The task:
In your reply, reproduce the lines from the first one below to the line containing "(-2.3094, 4, 2)", inclusive, exactly as they stand.

Extracted records:

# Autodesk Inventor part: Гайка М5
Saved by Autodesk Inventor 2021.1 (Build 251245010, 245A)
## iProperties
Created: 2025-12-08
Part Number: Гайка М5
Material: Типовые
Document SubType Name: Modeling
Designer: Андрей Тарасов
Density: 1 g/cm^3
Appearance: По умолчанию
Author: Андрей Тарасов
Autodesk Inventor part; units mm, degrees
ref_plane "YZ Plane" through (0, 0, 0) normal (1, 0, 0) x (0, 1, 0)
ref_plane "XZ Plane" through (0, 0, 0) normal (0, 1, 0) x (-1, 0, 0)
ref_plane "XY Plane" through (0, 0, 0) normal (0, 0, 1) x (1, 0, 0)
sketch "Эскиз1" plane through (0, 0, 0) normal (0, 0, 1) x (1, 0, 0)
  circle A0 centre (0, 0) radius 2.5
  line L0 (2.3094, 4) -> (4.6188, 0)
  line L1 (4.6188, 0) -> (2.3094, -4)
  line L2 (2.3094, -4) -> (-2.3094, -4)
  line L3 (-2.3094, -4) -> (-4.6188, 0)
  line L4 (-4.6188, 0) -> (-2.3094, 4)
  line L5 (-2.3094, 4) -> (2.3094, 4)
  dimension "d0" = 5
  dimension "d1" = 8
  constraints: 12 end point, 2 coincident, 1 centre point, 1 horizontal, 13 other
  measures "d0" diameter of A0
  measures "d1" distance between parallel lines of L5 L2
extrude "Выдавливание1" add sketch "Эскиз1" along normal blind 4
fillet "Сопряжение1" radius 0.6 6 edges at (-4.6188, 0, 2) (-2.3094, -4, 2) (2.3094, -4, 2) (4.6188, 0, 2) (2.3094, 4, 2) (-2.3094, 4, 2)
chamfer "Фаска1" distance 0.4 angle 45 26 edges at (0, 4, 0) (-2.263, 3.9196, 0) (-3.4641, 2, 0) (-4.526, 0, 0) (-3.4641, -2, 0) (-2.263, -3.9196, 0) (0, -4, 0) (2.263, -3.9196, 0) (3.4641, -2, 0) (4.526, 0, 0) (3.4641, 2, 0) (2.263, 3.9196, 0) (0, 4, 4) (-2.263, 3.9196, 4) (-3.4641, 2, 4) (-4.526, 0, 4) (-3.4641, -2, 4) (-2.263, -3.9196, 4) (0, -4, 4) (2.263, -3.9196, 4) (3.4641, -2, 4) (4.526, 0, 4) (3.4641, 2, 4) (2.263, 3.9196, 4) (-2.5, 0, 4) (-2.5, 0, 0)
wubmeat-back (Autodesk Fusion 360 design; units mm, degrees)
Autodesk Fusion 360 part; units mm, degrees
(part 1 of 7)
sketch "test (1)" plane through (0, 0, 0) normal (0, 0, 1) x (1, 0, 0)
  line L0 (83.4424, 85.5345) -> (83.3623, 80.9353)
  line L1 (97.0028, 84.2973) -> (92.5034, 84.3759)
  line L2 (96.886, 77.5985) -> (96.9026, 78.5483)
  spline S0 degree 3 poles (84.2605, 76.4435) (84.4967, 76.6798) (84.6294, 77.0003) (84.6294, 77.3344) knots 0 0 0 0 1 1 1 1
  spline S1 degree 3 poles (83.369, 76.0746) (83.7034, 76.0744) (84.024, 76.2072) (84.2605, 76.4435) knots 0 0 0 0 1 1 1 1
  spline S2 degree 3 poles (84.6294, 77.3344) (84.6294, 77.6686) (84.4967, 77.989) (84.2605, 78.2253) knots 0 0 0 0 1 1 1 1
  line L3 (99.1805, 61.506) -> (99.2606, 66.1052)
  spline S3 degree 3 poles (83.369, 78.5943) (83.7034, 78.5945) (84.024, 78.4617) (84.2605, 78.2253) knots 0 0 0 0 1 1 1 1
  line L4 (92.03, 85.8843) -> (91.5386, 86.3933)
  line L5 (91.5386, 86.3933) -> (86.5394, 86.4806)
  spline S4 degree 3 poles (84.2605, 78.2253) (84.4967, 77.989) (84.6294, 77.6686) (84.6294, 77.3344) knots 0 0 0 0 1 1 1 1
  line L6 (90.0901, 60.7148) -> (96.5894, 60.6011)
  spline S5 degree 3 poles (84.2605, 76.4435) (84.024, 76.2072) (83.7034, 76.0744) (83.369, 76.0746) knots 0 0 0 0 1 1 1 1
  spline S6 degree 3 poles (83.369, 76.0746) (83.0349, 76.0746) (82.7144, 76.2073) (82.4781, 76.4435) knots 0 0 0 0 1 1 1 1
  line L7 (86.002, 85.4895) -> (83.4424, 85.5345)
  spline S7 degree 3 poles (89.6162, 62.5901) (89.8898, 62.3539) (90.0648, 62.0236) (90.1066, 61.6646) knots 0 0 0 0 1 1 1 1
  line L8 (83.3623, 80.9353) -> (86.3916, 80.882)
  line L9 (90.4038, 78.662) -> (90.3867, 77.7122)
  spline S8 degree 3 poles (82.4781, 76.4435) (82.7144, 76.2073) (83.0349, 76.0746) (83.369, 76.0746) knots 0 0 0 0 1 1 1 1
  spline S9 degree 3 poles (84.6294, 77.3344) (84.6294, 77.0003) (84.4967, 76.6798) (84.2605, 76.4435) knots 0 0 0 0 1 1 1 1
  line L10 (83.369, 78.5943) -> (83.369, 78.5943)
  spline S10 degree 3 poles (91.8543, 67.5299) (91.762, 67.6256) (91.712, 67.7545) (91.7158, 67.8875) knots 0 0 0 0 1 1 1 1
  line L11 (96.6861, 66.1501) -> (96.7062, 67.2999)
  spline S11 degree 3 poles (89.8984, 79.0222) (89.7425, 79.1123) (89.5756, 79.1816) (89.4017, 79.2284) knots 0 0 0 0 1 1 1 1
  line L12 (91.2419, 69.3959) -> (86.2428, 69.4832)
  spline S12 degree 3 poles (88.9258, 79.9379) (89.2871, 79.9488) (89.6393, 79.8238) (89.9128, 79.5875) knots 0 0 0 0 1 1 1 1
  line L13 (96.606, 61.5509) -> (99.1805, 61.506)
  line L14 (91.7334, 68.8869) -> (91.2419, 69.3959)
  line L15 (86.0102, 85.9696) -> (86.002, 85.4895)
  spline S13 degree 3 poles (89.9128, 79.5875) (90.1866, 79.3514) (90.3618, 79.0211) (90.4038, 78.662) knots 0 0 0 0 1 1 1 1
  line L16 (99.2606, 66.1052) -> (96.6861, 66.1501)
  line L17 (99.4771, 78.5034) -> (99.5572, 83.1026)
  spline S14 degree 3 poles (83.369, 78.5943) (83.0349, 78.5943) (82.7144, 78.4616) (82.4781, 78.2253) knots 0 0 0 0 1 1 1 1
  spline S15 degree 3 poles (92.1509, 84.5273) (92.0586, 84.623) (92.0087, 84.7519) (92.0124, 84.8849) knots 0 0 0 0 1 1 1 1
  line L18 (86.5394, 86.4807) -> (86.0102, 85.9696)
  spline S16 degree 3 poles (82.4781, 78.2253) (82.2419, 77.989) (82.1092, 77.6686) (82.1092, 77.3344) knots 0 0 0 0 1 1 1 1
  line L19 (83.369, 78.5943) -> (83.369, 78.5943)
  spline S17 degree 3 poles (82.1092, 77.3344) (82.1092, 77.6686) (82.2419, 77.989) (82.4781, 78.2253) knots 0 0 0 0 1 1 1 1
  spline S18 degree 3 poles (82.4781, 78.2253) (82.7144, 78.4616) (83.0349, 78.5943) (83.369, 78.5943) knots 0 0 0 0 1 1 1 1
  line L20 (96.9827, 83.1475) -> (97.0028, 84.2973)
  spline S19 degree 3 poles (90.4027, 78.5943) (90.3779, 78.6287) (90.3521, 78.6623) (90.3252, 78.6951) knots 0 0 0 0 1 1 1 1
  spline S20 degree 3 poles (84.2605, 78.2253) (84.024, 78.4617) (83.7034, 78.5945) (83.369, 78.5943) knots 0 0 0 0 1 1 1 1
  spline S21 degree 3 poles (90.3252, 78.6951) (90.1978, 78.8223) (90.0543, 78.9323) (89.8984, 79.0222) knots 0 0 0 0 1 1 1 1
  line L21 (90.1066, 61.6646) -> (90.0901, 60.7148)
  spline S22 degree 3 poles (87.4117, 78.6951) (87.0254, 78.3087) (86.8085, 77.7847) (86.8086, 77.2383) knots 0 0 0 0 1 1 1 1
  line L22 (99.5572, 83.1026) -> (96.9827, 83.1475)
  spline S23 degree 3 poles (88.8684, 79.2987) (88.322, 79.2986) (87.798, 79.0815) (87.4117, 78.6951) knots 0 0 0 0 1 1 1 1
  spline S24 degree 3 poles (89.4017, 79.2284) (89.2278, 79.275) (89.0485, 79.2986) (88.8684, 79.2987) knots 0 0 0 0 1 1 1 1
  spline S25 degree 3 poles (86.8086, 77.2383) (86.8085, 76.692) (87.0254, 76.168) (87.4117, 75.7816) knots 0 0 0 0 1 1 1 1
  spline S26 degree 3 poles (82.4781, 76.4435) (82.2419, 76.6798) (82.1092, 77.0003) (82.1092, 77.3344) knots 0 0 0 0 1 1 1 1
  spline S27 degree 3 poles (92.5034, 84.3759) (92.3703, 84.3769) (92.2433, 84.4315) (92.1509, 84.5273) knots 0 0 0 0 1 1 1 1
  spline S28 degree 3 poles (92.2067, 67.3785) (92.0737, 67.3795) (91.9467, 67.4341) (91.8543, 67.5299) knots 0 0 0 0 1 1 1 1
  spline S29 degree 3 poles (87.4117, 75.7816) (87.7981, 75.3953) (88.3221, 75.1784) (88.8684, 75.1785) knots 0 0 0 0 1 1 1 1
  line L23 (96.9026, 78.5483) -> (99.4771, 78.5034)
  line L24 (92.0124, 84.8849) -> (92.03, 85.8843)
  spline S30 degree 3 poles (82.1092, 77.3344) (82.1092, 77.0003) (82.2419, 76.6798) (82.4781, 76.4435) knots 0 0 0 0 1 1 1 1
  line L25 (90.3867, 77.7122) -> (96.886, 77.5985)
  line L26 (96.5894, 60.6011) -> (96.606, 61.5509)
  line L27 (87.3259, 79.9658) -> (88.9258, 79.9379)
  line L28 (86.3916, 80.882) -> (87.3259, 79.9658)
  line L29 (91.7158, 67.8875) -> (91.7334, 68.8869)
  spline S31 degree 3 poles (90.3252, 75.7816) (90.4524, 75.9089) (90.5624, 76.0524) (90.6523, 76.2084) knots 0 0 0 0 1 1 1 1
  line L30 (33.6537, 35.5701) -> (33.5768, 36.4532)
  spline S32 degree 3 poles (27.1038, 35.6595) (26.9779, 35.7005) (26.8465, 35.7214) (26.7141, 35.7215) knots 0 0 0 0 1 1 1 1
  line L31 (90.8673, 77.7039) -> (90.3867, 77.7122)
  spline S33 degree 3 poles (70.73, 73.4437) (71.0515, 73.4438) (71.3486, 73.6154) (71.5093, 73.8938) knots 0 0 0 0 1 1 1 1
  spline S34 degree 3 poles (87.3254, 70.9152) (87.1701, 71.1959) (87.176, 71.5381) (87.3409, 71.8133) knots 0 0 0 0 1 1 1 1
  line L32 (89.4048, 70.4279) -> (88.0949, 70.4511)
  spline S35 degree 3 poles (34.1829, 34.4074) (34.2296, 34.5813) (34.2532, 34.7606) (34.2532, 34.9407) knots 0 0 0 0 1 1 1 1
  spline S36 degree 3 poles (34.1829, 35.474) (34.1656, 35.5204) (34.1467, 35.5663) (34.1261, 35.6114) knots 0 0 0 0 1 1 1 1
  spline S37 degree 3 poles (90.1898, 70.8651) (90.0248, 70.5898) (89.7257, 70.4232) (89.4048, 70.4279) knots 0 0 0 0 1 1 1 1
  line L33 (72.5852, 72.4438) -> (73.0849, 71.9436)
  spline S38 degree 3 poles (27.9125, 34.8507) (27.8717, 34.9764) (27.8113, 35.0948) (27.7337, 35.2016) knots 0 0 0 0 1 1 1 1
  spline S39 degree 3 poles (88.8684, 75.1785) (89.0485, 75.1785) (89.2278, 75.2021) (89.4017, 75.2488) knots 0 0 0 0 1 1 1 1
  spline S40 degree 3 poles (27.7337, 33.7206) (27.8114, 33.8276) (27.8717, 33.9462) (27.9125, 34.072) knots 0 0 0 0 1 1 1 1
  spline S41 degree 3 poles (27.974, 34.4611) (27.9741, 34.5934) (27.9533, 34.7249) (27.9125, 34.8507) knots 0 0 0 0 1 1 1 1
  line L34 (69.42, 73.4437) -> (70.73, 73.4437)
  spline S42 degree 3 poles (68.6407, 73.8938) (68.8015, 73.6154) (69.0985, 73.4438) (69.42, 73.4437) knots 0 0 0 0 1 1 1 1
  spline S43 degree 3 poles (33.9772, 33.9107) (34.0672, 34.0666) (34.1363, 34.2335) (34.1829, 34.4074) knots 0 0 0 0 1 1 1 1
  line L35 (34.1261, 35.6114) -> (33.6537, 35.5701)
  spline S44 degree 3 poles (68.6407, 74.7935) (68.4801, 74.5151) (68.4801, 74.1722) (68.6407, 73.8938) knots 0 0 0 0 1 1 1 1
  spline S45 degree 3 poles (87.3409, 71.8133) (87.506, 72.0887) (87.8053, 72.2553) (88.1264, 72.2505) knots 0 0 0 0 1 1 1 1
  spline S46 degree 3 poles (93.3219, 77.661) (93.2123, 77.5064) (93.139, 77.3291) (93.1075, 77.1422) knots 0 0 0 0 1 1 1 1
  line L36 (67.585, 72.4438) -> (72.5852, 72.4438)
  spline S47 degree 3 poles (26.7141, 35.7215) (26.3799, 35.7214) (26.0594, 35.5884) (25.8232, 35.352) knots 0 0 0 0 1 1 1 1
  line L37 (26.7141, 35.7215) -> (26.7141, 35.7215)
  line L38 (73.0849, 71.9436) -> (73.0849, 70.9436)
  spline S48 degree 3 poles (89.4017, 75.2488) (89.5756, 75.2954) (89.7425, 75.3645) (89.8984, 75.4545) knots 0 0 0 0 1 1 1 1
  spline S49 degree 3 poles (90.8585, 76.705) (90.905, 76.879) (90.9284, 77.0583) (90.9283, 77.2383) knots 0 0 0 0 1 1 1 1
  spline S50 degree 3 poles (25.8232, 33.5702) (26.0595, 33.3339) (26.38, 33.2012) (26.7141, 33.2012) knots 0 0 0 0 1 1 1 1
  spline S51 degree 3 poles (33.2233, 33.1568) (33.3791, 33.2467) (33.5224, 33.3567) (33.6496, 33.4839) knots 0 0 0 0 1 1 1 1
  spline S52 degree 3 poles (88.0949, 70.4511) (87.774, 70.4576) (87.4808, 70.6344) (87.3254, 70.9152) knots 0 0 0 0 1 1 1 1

Solution:
# Autodesk Inventor part: Гайка М5
Saved by Autodesk Inventor 2021.1 (Build 251245010, 245A)
## iProperties
Created: 2025-12-08
Part Number: Гайка М5
Material: Типовые
Document SubType Name: Modeling
Designer: Андрей Тарасов
Density: 1 g/cm^3
Appearance: По умолчанию
Author: Андрей Тарасов
Autodesk Inventor part; units mm, degrees
ref_plane "YZ Plane" through (0, 0, 0) normal (1, 0, 0) x (0, 1, 0)
ref_plane "XZ Plane" through (0, 0, 0) normal (0, 1, 0) x (-1, 0, 0)
ref_plane "XY Plane" through (0, 0, 0) normal (0, 0, 1) x (1, 0, 0)
sketch "Эскиз1" plane through (0, 0, 0) normal (0, 0, 1) x (1, 0, 0)
  circle A0 centre (0, 0) radius 2.5
  line L0 (2.3094, 4) -> (4.6188, 0)
  line L1 (4.6188, 0) -> (2.3094, -4)
  line L2 (2.3094, -4) -> (-2.3094, -4)
  line L3 (-2.3094, -4) -> (-4.6188, 0)
  line L4 (-4.6188, 0) -> (-2.3094, 4)
  line L5 (-2.3094, 4) -> (2.3094, 4)
  dimension "d0" = 5
  dimension "d1" = 8
  constraints: 12 end point, 2 coincident, 1 centre point, 1 horizontal, 13 other
  measures "d0" diameter of A0
  measures "d1" distance between parallel lines of L5 L2
extrude "Выдавливание1" add sketch "Эскиз1" along normal blind 4
fillet "Сопряжение1" radius 0.6 6 edges at (-4.6188, 0, 2) (-2.3094, -4, 2) (2.3094, -4, 2) (4.6188, 0, 2) (2.3094, 4, 2) (-2.3094, 4, 2)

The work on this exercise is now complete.